Osmanlı modeli
- GİRİŞ12.12.2013 10:37
- GÜNCELLEME12.12.2013 12:41
Mâverâ-ü Nehir diyarının Mahân vilayetinden Selçuklulardan Sultan Alaeddin gelmek üzere Konya'ya doğru yola koyuldular.
Kabile reisleri, Süleyman Şah idi.
Fırat nehrinin kenarında Ceber Kalesi civarında konakladılar.
Aşiret reisi Süleyman Şah'ın boy abdesti alması gerekti. Orada Fırat'a girdi.
Su da boğuldu.
Süleyman Şah'ın yerine örf ve adetlere göre kardeşi Ertuğrul Bey kabilenin başına geçti.
Bunun üzerine Süleyman Şah'ın oğulları kabileden ayrıldılar.
Oğullarından Kızıl-Togar Han, amcasının reisliğini kabul etmedi. Kendisini sevenler ile beraber Rakka yani Urfa'ye geldi. Urfa'ya yerleşti. Birçok mücadele ve savaşlardan sonra Urfa'ya bey oldu. Kabri Halilurrahman Camii'nin haziresindedir.
Bayındır Han, babasının boğulmasından sonra amcasının yanında kalmadı. Ahlat Beyi'nin yanına gitti.
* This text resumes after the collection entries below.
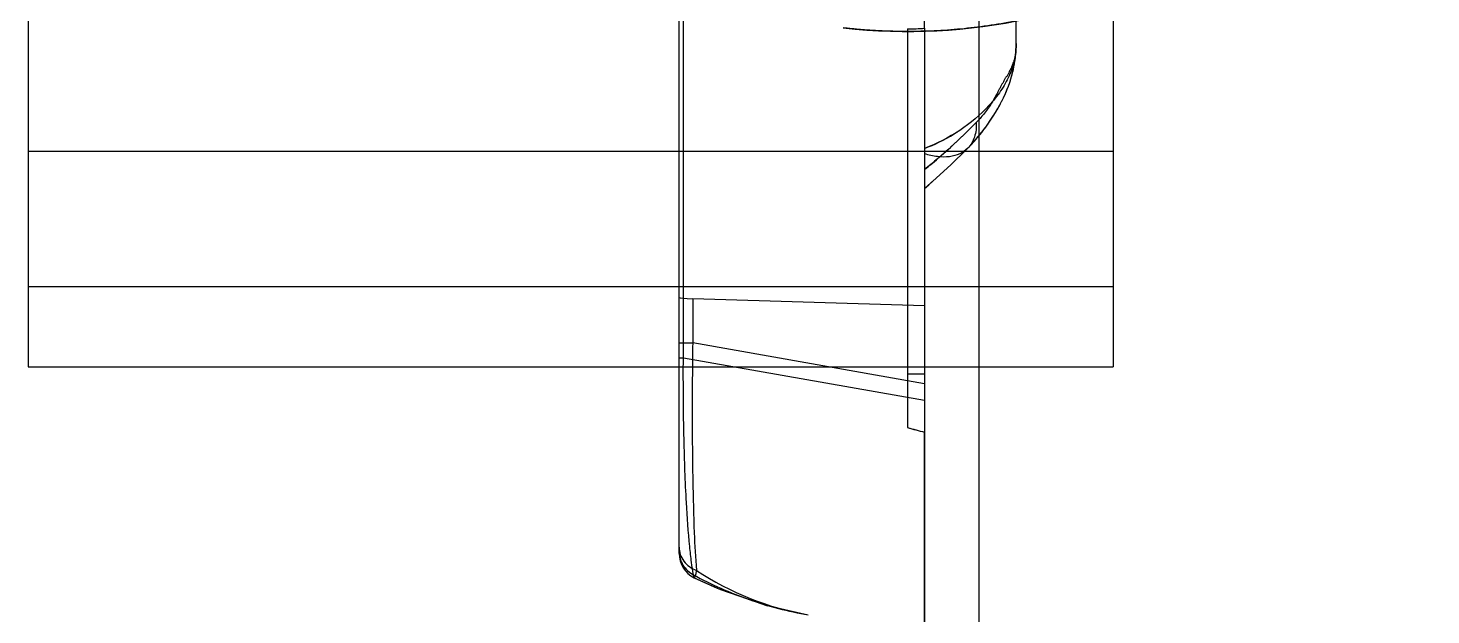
# Model space of a CAD drawing. Header units: millimetres. Extents: x 23490 to 24685, y -23248 to -22403.
# Drawn here: x 23722.64 to 23748.5, y -22612.66 to -22601.85 of the extents above; entities that cross this region are included whole.
import ezdxf

# ---------------------------------------------------------------- set-up
doc = ezdxf.new("R2010")
doc.units = ezdxf.units.MM
doc.header["$LTSCALE"] = 8
doc.layers.add('Cav-cor', color=30, linetype='Continuous')

msp = doc.modelspace()

# ---------------------------------------------------------------- linework, layer by layer
at = {"layer": 'Cav-cor', "color": 241}
for p, q in [((23740.165, -22515.491), (23740.165, -22755.491)), ((23722.643, -22538.895), (23722.643, -22608.087)), ((23742.643, -22538.895), (23742.643, -22608.087)), ((23734.721, -22607.921), (23734.721, -22600.154)), ((23734.643, -22611.527), (23734.643, -22600.25)), ((23739.165, -22601.849), (23739.165, -22600.802)), ((23738.854, -22601.862), (23738.854, -22609.208)), ((23738.854, -22601.909), (23738.854, -22609.208)), ((23738.854, -22601.909), (23738.854, -22609.208)), ((23739.165, -22601.849), (23739.165, -22609.293)), ((23740.851, -22602.242), (23740.853, -22602.19)), ((23740.472, -22603.404), (23740.516, -22603.33)), ((23739.63, -22604.386), (23739.963, -22604.06)), ((23739.963, -22604.06), (23740.02, -22604)), ((23739.963, -22604.06), (23739.963, -22604.06)), ((23742.643, -22604.118), (23722.643, -22604.118)), ((23739.243, -22604.737), (23739.658, -22604.359)), ((23739.165, -22604.804), (23739.339, -22604.647)), ((23739.165, -22604.804), (23739.243, -22604.737)), ((23742.643, -22606.615), (23722.643, -22606.615)), ((23739.165, -22606.965), (23734.893, -22606.836)), ((23734.893, -22606.836), (23734.893, -22607.649)), ((23734.643, -22607.649), (23734.893, -22607.649)), ((23739.165, -22608.402), (23734.893, -22607.649)), ((23734.643, -22607.921), (23734.721, -22607.921)), ((23734.721, -22607.921), (23739.165, -22608.704)), ((23722.643, -22608.087), (23742.643, -22608.087)), ((23739.165, -22608.221), (23738.854, -22608.221)), ((23739.165, -22609.293), (23739.165, -22625.461)), ((23739.165, -22626.401), (23739.165, -22609.293)), ((23739.165, -22626.401), (23739.165, -22609.293))]:
    msp.add_line(p, q, dxfattribs=at)
for points in [[(23740.853, -22602.19), (23740.854, -22602.145), (23740.854, -22597.249)], [(23740.591, -22603.19), (23740.625, -22603.121), (23740.657, -22603.052), (23740.686, -22602.984), (23740.712, -22602.916), (23740.736, -22602.849), (23740.758, -22602.782), (23740.778, -22602.712), (23740.795, -22602.646), (23740.809, -22602.586), (23740.821, -22602.525), (23740.831, -22602.46), (23740.84, -22602.394), (23740.845, -22602.344), (23740.849, -22602.289), (23740.852, -22602.238)], [(23740.853, -22602.204), (23740.853, -22602.167), (23740.854, -22602.131)], [(23740.794, -22602.653), (23740.805, -22602.606), (23740.814, -22602.559), (23740.823, -22602.511)], [(23740.831, -22602.462), (23740.838, -22602.409), (23740.843, -22602.364), (23740.847, -22602.326), (23740.849, -22602.283)], [(23740.731, -22602.865), (23740.748, -22602.812), (23740.765, -22602.759), (23740.78, -22602.704)], [(23740.62, -22603.132), (23740.645, -22603.078), (23740.669, -22603.024), (23740.691, -22602.97)], [(23740.505, -22603.35), (23740.536, -22603.295), (23740.565, -22603.241)], [(23740.516, -22603.33), (23740.555, -22603.26), (23740.593, -22603.186)], [(23740.281, -22603.689), (23740.335, -22603.614), (23740.385, -22603.542), (23740.431, -22603.471), (23740.475, -22603.4)], [(23740.326, -22603.627), (23740.365, -22603.57), (23740.403, -22603.514), (23740.439, -22603.459)], [(23740.011, -22604.01), (23740.087, -22603.928), (23740.157, -22603.846), (23740.221, -22603.766), (23740.283, -22603.685)], [(23740.08, -22603.935), (23740.136, -22603.871), (23740.189, -22603.807), (23740.238, -22603.746)], [(23734.921, -22611.975), (23735.408, -22612.195), (23736.24, -22612.481), (23737.023, -22612.661)], [(23734.921, -22611.975), (23735.345, -22612.169), (23736.271, -22612.49)]]:
    msp.add_lwpolyline(points, dxfattribs=at)
for centre, radius, start, end in [((23738.854, -22591.491), 10.418, 263.472, 337.8101), ((23738.576, -22591.569), 10.297, 271.5462, 273.2814), ((23738.019, -22601.034), 3.24, 290.7142, 301.4682), ((23738.011, -22601.019), 3.257, 301.4568, 302.5805), ((23732.434, -22596.118), 10.714, 309.8384, 312.2909), ((23732.229, -22595.873), 11.034, 308.9498, 309.8415), ((23743.526, -22592.71), 17.147, 254.1887, 255.2679), ((23743.526, -22592.708), 17.149, 254.1888, 255.2678), ((23743.526, -22592.71), 17.147, 254.1887, 255.2679), ((23743.265, -22593.646), 16.175, 254.1726, 254.741), ((23743.791, -22591.721), 18.171, 254.7402, 255.2526), ((23735.143, -22611.527), 0.5, 180, 243.651), ((23737.966, -22607.302), 5.441, 236.494, 260.0353), ((23737.915, -22607.39), 5.34, 236.435, 236.7671)]:
    msp.add_arc(centre, radius, start, end, dxfattribs=at)
msp.add_ellipse((23735.143, -22606.813), major_axis=(-0.5, 0), ratio=0.052408, start_param=0, end_param=1.047198, dxfattribs=at)
for points, weights in [([(23748.5, -22595.426), (23746.85, -22599.472), (23743.223, -22601.909), (23738.854, -22601.909)], [1, 0.8866419922, 0.8866419922, 1]), ([(23738.854, -22601.909), (23738.458, -22601.909), (23738.062, -22601.887), (23737.669, -22601.842)], [1, 0.9989185197, 0.9989185197, 1])]:
    msp.add_rational_spline(points, weights, degree=3, dxfattribs=at)
for points, knots in [([(23740.854, -22602.128), (23740.854, -22602.183), (23740.85, -22602.288), (23740.817, -22602.491), (23740.732, -22602.735), (23740.573, -22603.013), (23740.286, -22603.371), (23739.825, -22603.756), (23739.393, -22603.978), (23739.165, -22604.064)], [0, 0, 0, 0, 0.060928, 0.115951, 0.226352, 0.343739, 0.468153, 0.731321, 1, 1, 1, 1]), ([(23740.854, -22602.131), (23740.854, -22602.164), (23740.852, -22602.229), (23740.845, -22602.308), (23740.834, -22602.367), (23740.819, -22602.423), (23740.802, -22602.48), (23740.78, -22602.538), (23740.755, -22602.598), (23740.725, -22602.656), (23740.7, -22602.708), (23740.681, -22602.735), (23740.667, -22602.753), (23740.652, -22602.772), (23740.633, -22602.803), (23740.621, -22602.839), (23740.6, -22602.871), (23740.584, -22602.893), (23740.57, -22602.918), (23740.558, -22602.945), (23740.545, -22602.972), (23740.53, -22602.998), (23740.516, -22603.023), (23740.489, -22603.076), (23740.447, -22603.153), (23740.369, -22603.284), (23740.263, -22603.43), (23740.168, -22603.537), (23740.12, -22603.585)], [0, 0, 0, 0, 0.060316, 0.117349, 0.143357, 0.168031, 0.222449, 0.250733, 0.279783, 0.338622, 0.369501, 0.383815, 0.397519, 0.41161, 0.427198, 0.462792, 0.479589, 0.495819, 0.512905, 0.530979, 0.548992, 0.566667, 0.584342, 0.602155, 0.67332, 0.743416, 0.876848, 1, 1, 1, 1]), ([(23740.12, -22603.585), (23739.969, -22603.738), (23739.659, -22604.038), (23739.333, -22604.318), (23739.165, -22604.454)], [0, 0, 0, 0, 0.499911, 1, 1, 1, 1]), ([(23740.12, -22603.585), (23740.124, -22603.676), (23740.111, -22603.81), (23740.04, -22603.967), (23739.991, -22604.032), (23739.963, -22604.06)], [0, 0, 0, 0, 0.529648, 0.769186, 1, 1, 1, 1]), ([(23740.12, -22603.585), (23740.124, -22603.676), (23740.108, -22603.849), (23740.019, -22604.003), (23739.963, -22604.06)], [0, 0, 0, 0, 0.531328, 1, 1, 1, 1]), ([(23739.963, -22604.06), (23739.92, -22604.102), (23739.814, -22604.175), (23739.619, -22604.226), (23739.397, -22604.222), (23739.244, -22604.187), (23739.165, -22604.162)], [0, 0, 0, 0, 0.213991, 0.445554, 0.706265, 1, 1, 1, 1]), ([(23734.893, -22607.649), (23734.887, -22608.09), (23734.881, -22608.933), (23734.89, -22610.1), (23734.914, -22611.055), (23734.943, -22611.609), (23734.963, -22611.839)], [0, 0, 0, 0, 0.316244, 0.602718, 0.835279, 1, 1, 1, 1]), ([(23734.908, -22611.92), (23734.894, -22611.844), (23734.868, -22611.671), (23734.818, -22611.228), (23734.766, -22610.472), (23734.725, -22609.312), (23734.719, -22608.422), (23734.721, -22607.921)], [0, 0, 0, 0, 0.057787, 0.13114, 0.333208, 0.625112, 1, 1, 1, 1]), ([(23734.643, -22611.409), (23734.643, -22611.455), (23734.658, -22611.548), (23734.725, -22611.675), (23734.829, -22611.777), (23734.916, -22611.822), (23734.963, -22611.839)], [0, 0, 0, 0, 0.242863, 0.489564, 0.74203, 1, 1, 1, 1]), ([(23734.643, -22611.49), (23734.643, -22611.577), (23734.693, -22611.755), (23734.83, -22611.879), (23734.908, -22611.92)], [0, 0, 0, 0, 0.496878, 1, 1, 1, 1]), ([(23734.643, -22611.49), (23734.643, -22611.534), (23734.651, -22611.593), (23734.669, -22611.648), (23734.675, -22611.662)], [0, 0, 0, 0, 0.748703, 1, 1, 1, 1]), ([(23734.675, -22611.662), (23734.696, -22611.717), (23734.759, -22611.819), (23734.855, -22611.893), (23734.908, -22611.92)], [0, 0, 0, 0, 0.497616, 1, 1, 1, 1]), ([(23734.963, -22611.839), (23734.959, -22611.859), (23734.952, -22611.895), (23734.942, -22611.934), (23734.934, -22611.958), (23734.93, -22611.968), (23734.924, -22611.976), (23734.921, -22611.975)], [0, 0, 0, 0, 0.432013, 0.742847, 0.851495, 0.928983, 1, 1, 1, 1]), ([(23734.921, -22611.975), (23734.919, -22611.974), (23734.916, -22611.968), (23734.913, -22611.957), (23734.91, -22611.94), (23734.908, -22611.927), (23734.908, -22611.92)], [0, 0, 0, 0, 0.111022, 0.309449, 0.605109, 1, 1, 1, 1]), ([(23734.908, -22611.92), (23735.236, -22612.1), (23735.925, -22612.406), (23736.654, -22612.595), (23737.023, -22612.661)], [0, 0, 0, 0, 0.499987, 1, 1, 1, 1])]:
    msp.add_open_spline(points, degree=3, knots=knots, dxfattribs=at)
msp.add_open_spline([(23740.12, -22603.585), (23739.965, -22603.742), (23739.807, -22603.895), (23739.644, -22604.043)], degree=3, dxfattribs=at)

doc.saveas('drawing.dxf')

Üçüncü oğlu Boğa Han'dır. Dördüncü oğlu Yay-Doğar Handır. Süleyman Şah'ın boğulması üzerine üçyüz kadar adamıyla Kırım'a gitti.
Ertuğrul bey, yanında kalan aşiret ile Konya'ya hareket etti. Söğüt'e yerleştiler. Ertuğrul Bey, Bursa tekfuru ile Yalıkâbâd kalesi üzerine savaşırken şehid düştü.
Teâmüllere göre Kayı aşiretinin başına Ertuğrul Bey'in büyük oğlu geçmesi gerekirken, Selçuklu Sultanı Alâeddin, liderliğin alameti ve işareti olan tuğ, sancak ve bayrakları Ertuğrul Bey'in küçük oğlu Osman Bey'e verdi. Onu babasının yerine boy beyi tayin etti.
Bunun üzerine Ertuğrul Bey'in büyük oğulları, Gündüz Bey ve Yeti kardeşleri Osman Bey'in beyliğini kabul etmeyin, oradan ayrılır. Ve Kırım'a giderler.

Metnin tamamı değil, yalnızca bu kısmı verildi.